PROBLEM STATEMENT: How do the records below read from their first line through the line containing "Appearance: По умолчанию"? Write those lines out exactly.

::: INPUT DATA :::

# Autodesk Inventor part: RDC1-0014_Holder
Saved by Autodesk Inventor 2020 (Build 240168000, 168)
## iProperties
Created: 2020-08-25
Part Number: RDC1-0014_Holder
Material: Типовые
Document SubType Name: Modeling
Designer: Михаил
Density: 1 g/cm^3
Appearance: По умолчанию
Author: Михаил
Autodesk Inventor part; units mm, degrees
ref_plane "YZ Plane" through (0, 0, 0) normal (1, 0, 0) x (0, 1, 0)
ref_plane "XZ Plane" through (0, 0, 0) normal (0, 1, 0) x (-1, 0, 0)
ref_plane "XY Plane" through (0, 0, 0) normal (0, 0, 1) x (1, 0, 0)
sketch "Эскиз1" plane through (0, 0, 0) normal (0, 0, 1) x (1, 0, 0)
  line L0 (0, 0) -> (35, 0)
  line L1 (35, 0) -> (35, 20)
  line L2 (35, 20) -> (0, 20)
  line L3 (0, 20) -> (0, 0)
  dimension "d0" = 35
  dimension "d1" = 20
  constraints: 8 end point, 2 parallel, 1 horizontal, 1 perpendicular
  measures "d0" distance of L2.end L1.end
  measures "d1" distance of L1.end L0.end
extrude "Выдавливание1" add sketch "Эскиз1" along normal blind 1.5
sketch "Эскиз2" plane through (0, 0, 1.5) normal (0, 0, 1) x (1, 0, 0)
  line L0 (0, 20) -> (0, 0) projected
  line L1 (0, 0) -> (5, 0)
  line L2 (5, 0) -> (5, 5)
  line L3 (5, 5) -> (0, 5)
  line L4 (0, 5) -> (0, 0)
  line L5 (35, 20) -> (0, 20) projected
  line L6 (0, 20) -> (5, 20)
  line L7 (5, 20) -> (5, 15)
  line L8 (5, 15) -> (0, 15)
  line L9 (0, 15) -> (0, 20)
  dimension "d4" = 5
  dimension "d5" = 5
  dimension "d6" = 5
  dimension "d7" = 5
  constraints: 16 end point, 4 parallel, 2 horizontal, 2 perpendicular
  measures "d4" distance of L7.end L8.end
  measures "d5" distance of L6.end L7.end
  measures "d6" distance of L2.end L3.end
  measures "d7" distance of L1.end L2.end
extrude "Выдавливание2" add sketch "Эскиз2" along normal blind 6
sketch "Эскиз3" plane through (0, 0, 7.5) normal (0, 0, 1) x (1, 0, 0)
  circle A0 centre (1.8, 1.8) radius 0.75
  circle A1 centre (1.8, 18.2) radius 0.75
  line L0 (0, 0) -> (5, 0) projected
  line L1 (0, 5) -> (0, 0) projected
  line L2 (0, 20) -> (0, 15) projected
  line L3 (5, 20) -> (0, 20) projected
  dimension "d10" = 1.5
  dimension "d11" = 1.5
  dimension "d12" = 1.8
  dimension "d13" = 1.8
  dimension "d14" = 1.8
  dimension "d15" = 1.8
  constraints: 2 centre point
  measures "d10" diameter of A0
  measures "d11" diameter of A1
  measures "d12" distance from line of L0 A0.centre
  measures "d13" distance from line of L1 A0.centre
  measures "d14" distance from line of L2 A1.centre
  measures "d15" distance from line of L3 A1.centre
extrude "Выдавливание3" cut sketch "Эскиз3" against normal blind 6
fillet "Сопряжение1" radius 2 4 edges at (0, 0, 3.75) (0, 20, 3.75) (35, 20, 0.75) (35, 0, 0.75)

:::

EXPECTED ANSWER:
# Autodesk Inventor part: RDC1-0014_Holder
Saved by Autodesk Inventor 2020 (Build 240168000, 168)
## iProperties
Created: 2020-08-25
Part Number: RDC1-0014_Holder
Material: Типовые
Document SubType Name: Modeling
Designer: Михаил
Density: 1 g/cm^3
Appearance: По умолчанию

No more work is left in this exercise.